Re: boot images/logos/splashes (one more idea)

Matthew Hawkins (
Thu, 14 May 1998 16:47:47 +1000

At 01:31AM on Thu, May 14, 1998, Khimenko Victor <> sent:
> Of course this could be used only on appropriate terminals. There are must be
> way to suppres "coloring"...

Yes, you need to detect terminal capabilities and then use them appropriately.
Ie, your kernel needs half a meg of termcap built into it, and probably most
of libtermcap also. And this is only for text! Let alone attempting to
display a graphical boot logo!
I doubt Linus would be open to such a waste.

> Here is talk not about case where Linux is running with real terminal attached.
> Less then 1% of Linux boxes are installed this way !!! Talk is about "standard"
> mode -- you have Linux on Desktop computer...

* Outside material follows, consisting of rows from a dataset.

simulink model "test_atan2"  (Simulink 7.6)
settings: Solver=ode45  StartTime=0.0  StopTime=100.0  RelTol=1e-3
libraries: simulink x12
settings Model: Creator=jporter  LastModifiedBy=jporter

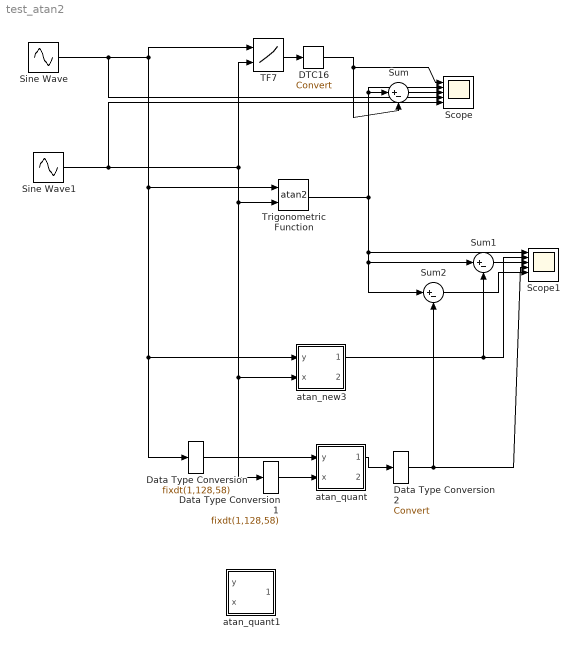
== system test_atan2 ==
  DTC16 : DataTypeConversion
  Data Type Conversion : DataTypeConversion  OutDataTypeStr=fixdt(1,128,58)
  Data Type Conversion1 : DataTypeConversion  OutDataTypeStr=fixdt(1,128,58)
  Data Type Conversion2 : DataTypeConversion
  Scope : Scope  NumInputPorts=5
      settings: YMin=-5~-5~-5~-5~-5  YMax=5~5~5~5~5
  Scope1 : Scope  NumInputPorts=6
      settings: YMin=-5~-5~-5~-5~-5~-5  YMax=5~5~5~5~5~5
  Sine Wave : Sin  Amplitude=2  Frequency=2  SampleTime=0
  Sine Wave1 : Sin  Amplitude=2  Frequency=5  SampleTime=0
  Sum : Sum  Inputs=|+-
  Sum1 : Sum  Inputs=|+-
  Sum2 : Sum  Inputs=|+-
  TF7 : Lookup2D  RowIndex=[ -1000 -10 -sqrt(10) -1 -sqrt(.1) -0.01 0 0.01 sqrt(.1) 1 sqrt(10) 10 1000 ]  ColumnIndex=[ -1000 -10 -sqrt(10) -1 -sqrt(.1) -0.01 0 0.01 sqrt(.1) 1 sqrt(10) 10 1000 ]  Table=[-2.35619449019234 -1.58079599348156 -1.5739585939142 -1.57179632646156 -1.57111255455037 -1.5708063267949 -1.5707963267949 -1.5707863267949 -1.57048009903942 -1.56979632712823 -1.56763405967559 -1.56079666010823 -0.785398163397448;-3.13159298690313 -2.35619449019234 -1.87707369596457 -1.67046497928606 -1.60240856879109 -1.57179632646156 -1.5707963267949 -1.56979632712823 -1.53918408479871 -1.47112767430373 -1.26451895762523 -0.785398163397448 -0.00999966668666524;-3.13843038647049 -2.83531528442012 -2.35619449019234 -1.87707369596457 -1.67046497928606 -1.5739585939142 -1.5707963267949 -1.56763405967559 -1.47112767430373 -1.26451895762523 -0.785398163397448 -0.306277369169669 -0.00316226711930609;-3.14059265392313 -3.04192400109863 -2.83531528442012 -2.35619449019234 -1.87707369596457 -1.58079599348156 -1.5707963267949 -1.56079666010823 -1.26451895762523 -0.785398163397448 -0.306277369169669 -0.099668652491162 -0.000999999666666867;-3.14127642583432 -3.1099804115936 -3.04192400109863 -2.83531528442012 -2.35619449019234 -1.60240856879109 -1.5707963267949 -1.53918408479871 -0.785398163397448 -0.306277369169669 -0.099668652491162 -0.0316122419961912 -0.000316227755475913;-3.14158265358979 -3.14059265392313 -3.13843038647049 -3.13159298690313 -3.1099804115936 -2.35619449019234 -1.5707963267949 -0.785398163397448 -0.0316122419961912 -0.00999966668666524 -0.00316226711930609 -0.000999999666666867 -9.99999999966667e-006;3.14159265358979 3.14159265358979 3.14159265358979 3.14159265358979 3.14159265358979 3.14159265358979 0 0 0 0 0 0 0;3.14158265358979 3.14059265392313 3.13843038647049 3.13159298690313 3.1099804115936 2.35619449019234 1.5707963267949 0.785398163397448 0.0316122419961912 0.00999966668666524 0.00316226711930609 0.000999999666666867 9.99999999966667e-006;3.14127642583432 3.1099804115936 3.04192400109863 2.83531528442012 2.35619449019234 1.60240856879109 1.5707963267949 1.53918408479871 0.785398163397448 0.306277369169669 0.099668652491162 0.0316122419961912 0.000316227755475913;3.14059265392313 3.04192400109863 2.83531528442012 2.35619449019234 1.87707369596457 1.58079599348156 1.5707963267949 1.56079666010823 1.26451895762523 0.785398163397448 0.306277369169669 0.099668652491162 0.000999999666666867;3.13843038647049 2.83531528442012 2.35619449019234 1.87707369596457 1.67046497928606 1.5739585939142 1.5707963267949 1.56763405967559 1.47112767430373 1.26451895762523 0.785398163397448 0.306277369169669 0.00316226711930609;3.13159298690313 2.35619449019234 1.87707369596457 1.67046497928606 1.60240856879109 1.57179632646156 1.5707963267949 1.56979632712823 1.53918408479871 1.47112767430373 1.26451895762523 0.785398163397448 0.00999966668666524;2.35619449019234 1.58079599348156 1.5739585939142 1.57179632646156 1.57111255455037 1.5708063267949 1.5707963267949 1.5707863267949 1.57048009903942 1.56979632712823 1.56763405967559 1.56079666010823 0.785398163397448]
  Trigonometric Function : Trigonometry  Operator=atan2
  atan_new3 : Subsystem
  atan_quant : Subsystem
  atan_quant1 : Subsystem
  wires:
  TF7/1 -> DTC16/1
  Sine Wave/1 -> TF7/1, Trigonometric Function/1, Data Type Conversion/1, atan_new3/1(y), Scope/4
  Sine Wave1/1 -> TF7/2, Trigonometric Function/2, Data Type Conversion1/1, atan_new3/2(x), Scope/5
  DTC16/1 -> Scope/1, Sum/2
  Trigonometric Function/1 -> Scope/2, Sum/1, Scope1/1, Sum1/1, Sum2/1
  Sum/1 -> Scope/3
  Sum1/1 -> Scope1/3
  atan_new3/1(atan2) -> Sum1/2, Scope1/2
  atan_quant/1(atan2) -> Data Type Conversion2/1
  Sum2/1 -> Scope1/5
  Data Type Conversion/1 -> atan_quant/1(y)
  Data Type Conversion1/1 -> atan_quant/2(x)
  Data Type Conversion2/1 -> Scope1/4, Sum2/2

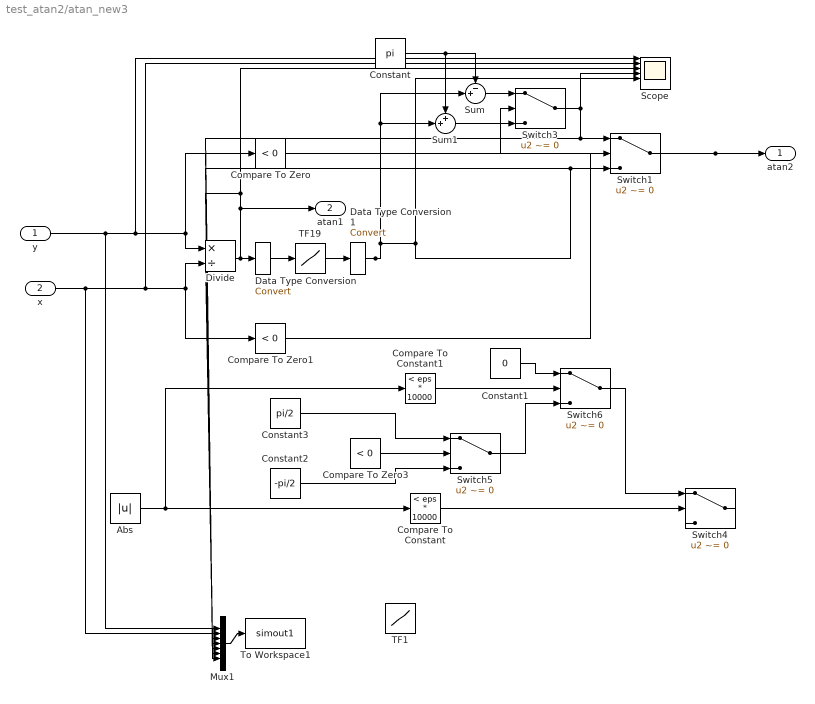
== system test_atan2/atan_new3 ==
  y : Inport
  x : Inport  Port=2
  Abs : Abs
  Compare To Constant : simulink/Logic and Bit Operations/Compare To Constant  SystemSampleTime=-1  relop=<  const=eps * 10000  LogicOutDataTypeMode=uint8
  Compare To Constant1 : simulink/Logic and Bit Operations/Compare To Constant  SystemSampleTime=-1  relop=<  const=eps * 10000  LogicOutDataTypeMode=uint8
  Compare To Zero : simulink/Logic and Bit Operations/Compare To Zero  SystemSampleTime=-1  relop=<  LogicOutDataTypeMode=uint8
  Compare To Zero1 : simulink/Logic and Bit Operations/Compare To Zero  SystemSampleTime=-1  relop=<  LogicOutDataTypeMode=uint8
  Compare To Zero3 : simulink/Logic and Bit Operations/Compare To Zero  SystemSampleTime=-1  relop=<  LogicOutDataTypeMode=uint8
  Constant : Constant  Value=pi  OutDataTypeStr=double
  Constant1 : Constant  Value=0  OutDataTypeStr=double
  Constant2 : Constant  Value=-pi/2  OutDataTypeStr=double
  Constant3 : Constant  Value=pi/2  OutDataTypeStr=double
  Data Type Conversion : DataTypeConversion
  Data Type Conversion1 : DataTypeConversion
  Divide : Product  Inputs=*/  OutDataTypeStr=double
  Mux1 : Mux  Inputs=7
  Scope : Scope  NumInputPorts=7
      settings: YMin=-5~-5~-5~-5~-5~-5~-5  YMax=5~5~5~5~5~5~5  SaveName=ScopeData3
  Sum : Sum  Inputs=-+|  OutDataTypeStr=double
  Sum1 : Sum  Inputs=++|  OutDataTypeStr=double
  Switch{1,3..6} (5 alike) : Switch  Criteria=u2 ~= 0  OutDataTypeStr=double
  TF1 : Lookup  InputValues=[-5:5]  Table=atan([-5:5])  OutDataTypeStr=double
  TF19 : Lookup  InputValues=[-10 -5 -2.5:.1:-.11 -.1:.001:.1 .11:.1:2.5 5 10]  Table=[ -pi/2 atan([-5 -2.5:.1:-.11 -.1:.001:.1 .11:.1:2.5 5]) pi/2 ]  LookUpMeth=Interpolation-Use End Values  OutDataTypeStr=double
  To Workspace1 : ToWorkspace  VariableName=simout1  SampleTime=-1  SaveFormat=Structure
  atan2 : Outport
  atan1 : Outport  Port=2
  wires:
  y/1 -> Divide/1, Compare To Zero/1, Scope/1, Mux1/1
  x/1 -> Divide/2, Compare To Zero1/1, Scope/2, Mux1/2
  Divide/1 -> Data Type Conversion/1, atan1/1, Scope/3, Mux1/3
  Switch3/1 -> Scope/4, Switch1/1, Mux1/5
  Constant/1 -> Sum1/1, Sum/1
  Sum/1 -> Switch3/1
  Sum1/1 -> Switch3/3
  Compare To Zero/1 -> Switch3/2
  Compare To Zero1/1 -> Switch1/2
  Compare To Constant/1 -> Switch4/2
  Compare To Zero3/1 -> Switch5/2
  Compare To Constant1/1 -> Switch6/2
  Switch5/1 -> Switch6/3
  Constant1/1 -> Switch6/1
  Switch6/1 -> Switch4/1
  Constant2/1 -> Switch5/3
  Constant3/1 -> Switch5/1
  Data Type Conversion1/1 -> Sum1/2, Sum/2, Scope/5, Switch1/3, Mux1/6, Mux1/4
  Abs/1 -> Compare To Constant/1, Compare To Constant1/1
  Data Type Conversion/1 -> TF19/1
  TF19/1 -> Data Type Conversion1/1
  Switch1/1 -> atan2/1, Mux1/7
  Mux1/1 -> To Workspace1/1

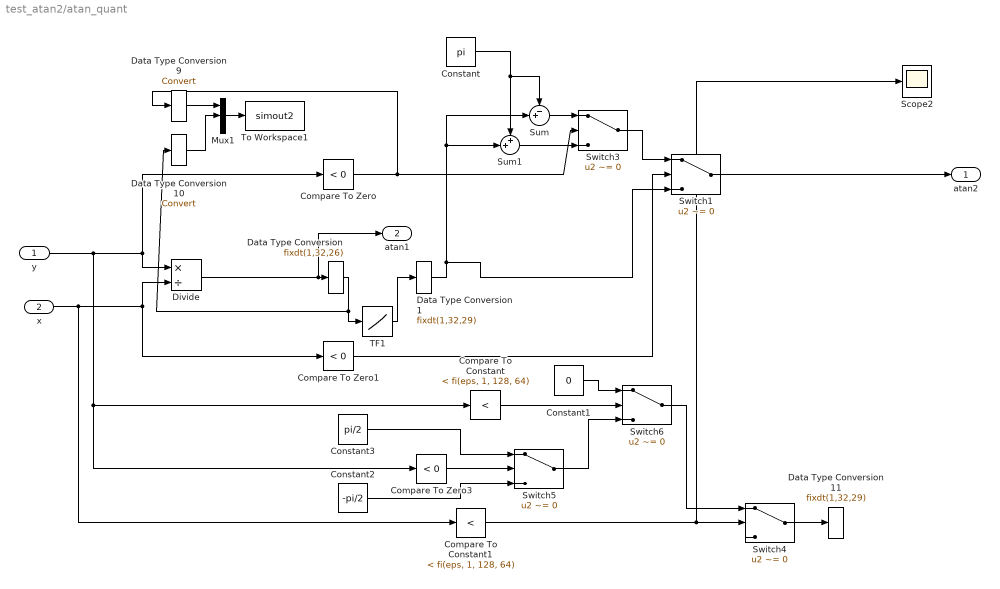
== system test_atan2/atan_quant ==
  y : Inport
  x : Inport  Port=2
  Compare To Constant : simulink/Logic and Bit Operations/Compare To Constant  SystemSampleTime=-1  relop=<  const=fi(eps, 1, 128, 64)  LogicOutDataTypeMode=boolean
  Compare To Constant1 : simulink/Logic and Bit Operations/Compare To Constant  SystemSampleTime=-1  relop=<  const=fi(eps, 1, 128, 64)  LogicOutDataTypeMode=boolean
  Compare To Zero : simulink/Logic and Bit Operations/Compare To Zero  SystemSampleTime=-1  relop=<  LogicOutDataTypeMode=uint8
  Compare To Zero1 : simulink/Logic and Bit Operations/Compare To Zero  SystemSampleTime=-1  relop=<  LogicOutDataTypeMode=uint8
  Compare To Zero3 : simulink/Logic and Bit Operations/Compare To Zero  SystemSampleTime=-1  relop=<  LogicOutDataTypeMode=uint8
  Constant : Constant  Value=pi  OutDataTypeStr=Inherit: Inherit via back propagation
  Constant1 : Constant  Value=0  OutDataTypeStr=Inherit: Inherit via back propagation
  Constant2 : Constant  Value=-pi/2  OutDataTypeStr=Inherit: Inherit via back propagation
  Constant3 : Constant  Value=pi/2  OutDataTypeStr=Inherit: Inherit via back propagation
  Data Type Conversion : DataTypeConversion  OutDataTypeStr=fixdt(1,32,26)  SaturateOnIntegerOverflow=on
  Data Type Conversion1 : DataTypeConversion  OutDataTypeStr=fixdt(1,32,29)
  Data Type Conversion10 : DataTypeConversion
  Data Type Conversion11 : DataTypeConversion  OutDataTypeStr=fixdt(1,32,29)
  Data Type Conversion9 : DataTypeConversion
  Divide : Product  Inputs=*/  SaturateOnIntegerOverflow=on  OutDataTypeStr=Inherit: Same as first input
  Mux1 : Mux  Inputs=3
  Scope2 : Scope
      settings: YMin=-1  YMax=2  SaveName=ScopeData2
  Sum : Sum  Inputs=-+|  OutDataTypeStr=Inherit: Inherit via back propagation
  Sum1 : Sum  Inputs=++|  OutDataTypeStr=Inherit: Inherit via back propagation
  Switch{1,3..6} (5 alike) : Switch  Criteria=u2 ~= 0  OutDataTypeStr=Inherit: Inherit via back propagation
  TF1 : Lookup  InputValues=fi([-10:.8:10], 1, 32, 26)  Table=fi([ -pi/2 atan([-(10-.8):.8:(10-.8)]) pi/2 ], 1, 32, 29)  LookUpMeth=Interpolation-Use End Values  OutDataTypeStr=fixdt(1,32,29)
  To Workspace1 : ToWorkspace  VariableName=simout2  SampleTime=-1  SaveFormat=Structure
  atan2 : Outport
  atan1 : Outport  Port=2
  wires:
  y/1 -> Compare To Zero3/1, Compare To Constant/1, Divide/1, Compare To Zero/1
  x/1 -> Compare To Constant1/1, Divide/2, Compare To Zero1/1
  Divide/1 -> Data Type Conversion/1, atan1/1
  Switch3/1 -> Switch1/1
  TF1/1 -> Data Type Conversion1/1
  Constant/1 -> Sum1/1, Sum/1
  Sum/1 -> Switch3/1
  Sum1/1 -> Switch3/3
  Compare To Zero/1 -> Switch3/2, Data Type Conversion9/1
  Compare To Zero1/1 -> Switch1/2
  Data Type Conversion/1 -> TF1/1, Data Type Conversion10/1
  Data Type Conversion1/1 -> Sum/2, Sum1/2, Switch1/3
  Switch1/1 -> atan2/1
  Mux1/1 -> To Workspace1/1
  Data Type Conversion9/1 -> Mux1/1
  Data Type Conversion10/1 -> Mux1/2
  Compare To Constant1/1 -> Switch4/2, Scope2/1
  Compare To Zero3/1 -> Switch5/2
  Compare To Constant/1 -> Switch6/2
  Switch5/1 -> Switch6/3
  Constant1/1 -> Switch6/1
  Switch6/1 -> Switch4/1
  Constant2/1 -> Switch5/3
  Constant3/1 -> Switch5/1
  Switch4/1 -> Data Type Conversion11/1

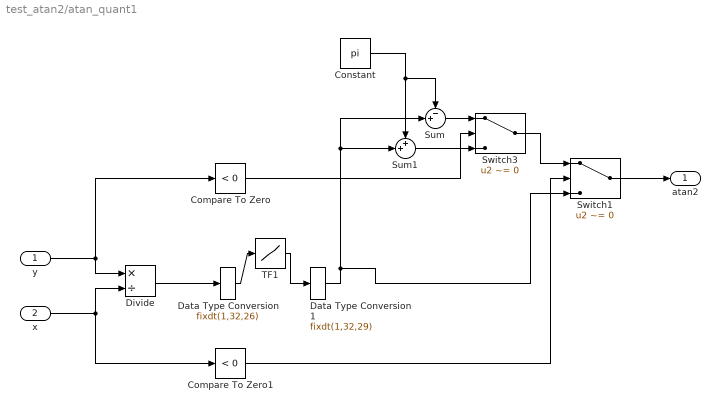
== system test_atan2/atan_quant1 ==
  y : Inport
  x : Inport  Port=2
  Compare To Zero : simulink/Logic and Bit Operations/Compare To Zero  SystemSampleTime=-1  relop=<  LogicOutDataTypeMode=uint8
  Compare To Zero1 : simulink/Logic and Bit Operations/Compare To Zero  SystemSampleTime=-1  relop=<  LogicOutDataTypeMode=uint8
  Constant : Constant  Value=pi  OutDataTypeStr=Inherit: Inherit via back propagation
  Data Type Conversion : DataTypeConversion  OutDataTypeStr=fixdt(1,32,26)  SaturateOnIntegerOverflow=on
  Data Type Conversion1 : DataTypeConversion  OutDataTypeStr=fixdt(1,32,29)
  Divide : Product  Inputs=*/  SaturateOnIntegerOverflow=on  OutDataTypeStr=Inherit: Same as first input
  Sum : Sum  Inputs=-+|  OutDataTypeStr=Inherit: Inherit via back propagation
  Sum1 : Sum  Inputs=++|  OutDataTypeStr=Inherit: Inherit via back propagation
  Switch1 : Switch  Criteria=u2 ~= 0  OutDataTypeStr=Inherit: Inherit via back propagation
  Switch3 : Switch  Criteria=u2 ~= 0  OutDataTypeStr=Inherit: Inherit via back propagation
  TF1 : Lookup  InputValues=fi([-10:.8:10], 1, 32, 26)  Table=fi([ -pi/2 atan([-(10-.8):.8:(10-.8)]) pi/2 ], 1, 32, 29)  LookUpMeth=Interpolation-Use End Values  OutDataTypeStr=fixdt(1,32,29)
  atan2 : Outport
  wires:
  y/1 -> Divide/1, Compare To Zero/1
  x/1 -> Divide/2, Compare To Zero1/1
  Divide/1 -> Data Type Conversion/1
  Switch3/1 -> Switch1/1
  TF1/1 -> Data Type Conversion1/1
  Constant/1 -> Sum1/1, Sum/1
  Sum/1 -> Switch3/1
  Sum1/1 -> Switch3/3
  Compare To Zero/1 -> Switch3/2
  Compare To Zero1/1 -> Switch1/2
  Data Type Conversion/1 -> TF1/1
  Data Type Conversion1/1 -> Sum/2, Sum1/2, Switch1/3
  Switch1/1 -> atan2/1

Interesting statistics, where did you gather this information? Because I know
of places where 100% of the linux boxes are used this way. If I take my group
of close friends for example, there are 5 people, 8 linux boxes (and a bunch
of win95 and Macintosh), and in terms of percentages - 50% have no terminal
attached, one has a mono serial terminal and a 21" 1bpp X terminal, one has
(I think) a 2Mb SVGA card but I'm not certain, only the last two are pc

> Oops. YES, OF COURSE. If you have non-standard system (for example with
> serial startup console, or embeded system, or ...) you does not want or need
> such Boot Logo. For server without monitor attached this is also useless.
> But this is rare cases anyway (important, yes, but rare).

Funnily enough, this "rare" case constitutes 75% of the computers running
linux in my group of close friends. 75% doesn't sound "rare" to me.
And I'd be quite surprised if we were extra-ordinary linux users.

> > You seem to suggest that a root prompt will freak out the users. But what
> > system administrator in their right mind is going to let their gumby users
> > see a root shell prompt on a daily basis?
> What else prompt he will see after installing RedHat, Debian, Slackware, etc,
> etc. just now ?

The system administrator will see the root prompt, the user won't. My point
still stands valid.

> > I just had this really horrible thought that you're actually considering
> > giving these GUI users root access to their workstations!
> Unfortunatelly you could not even install a lot of stuff without root access :-(

Then either those programs are critical system components (such as sysvinit,
login, X11, etc) in which case the system administrator will be installing
them, or the programs themselves are broken.
There is no reason why an ordinary userspace program cannot be installed by
a regular user unless that program is either broken in design, or system
access policy dictates that ordinary users won't have access to a compiler.
(in the latter case, they could try finding a pre-compiled binary of the
program anyhow and still install it anyway).

> > Come to think of it, the bootup sequence you describe above is actually very
> > bad since important information could scroll up unretrievably into the mini
> > window.
> This is depends from size of screen. If you'll use 376x564 screen and 6x8 font
> this "mini window" will be more in size then current fullscreen view...

Yes, but that assumes there is a console attached that is capable of displaying
that particular resolution. You just cannot blindly assume these things!
Even if this feature could be implemented tidily, you still end up with the
problem of inconsistent bootup sequences across linux boxes. Some will boot
like now, some will have this multiple scrolly window thing in a 376x564 screen,
some will be displaying graphics, some will have abbreviated regular bootup
messages... ugh. And it'll also cause problems logging bootup information
unless dmesg is rewritten to handle each case and output a generic log format.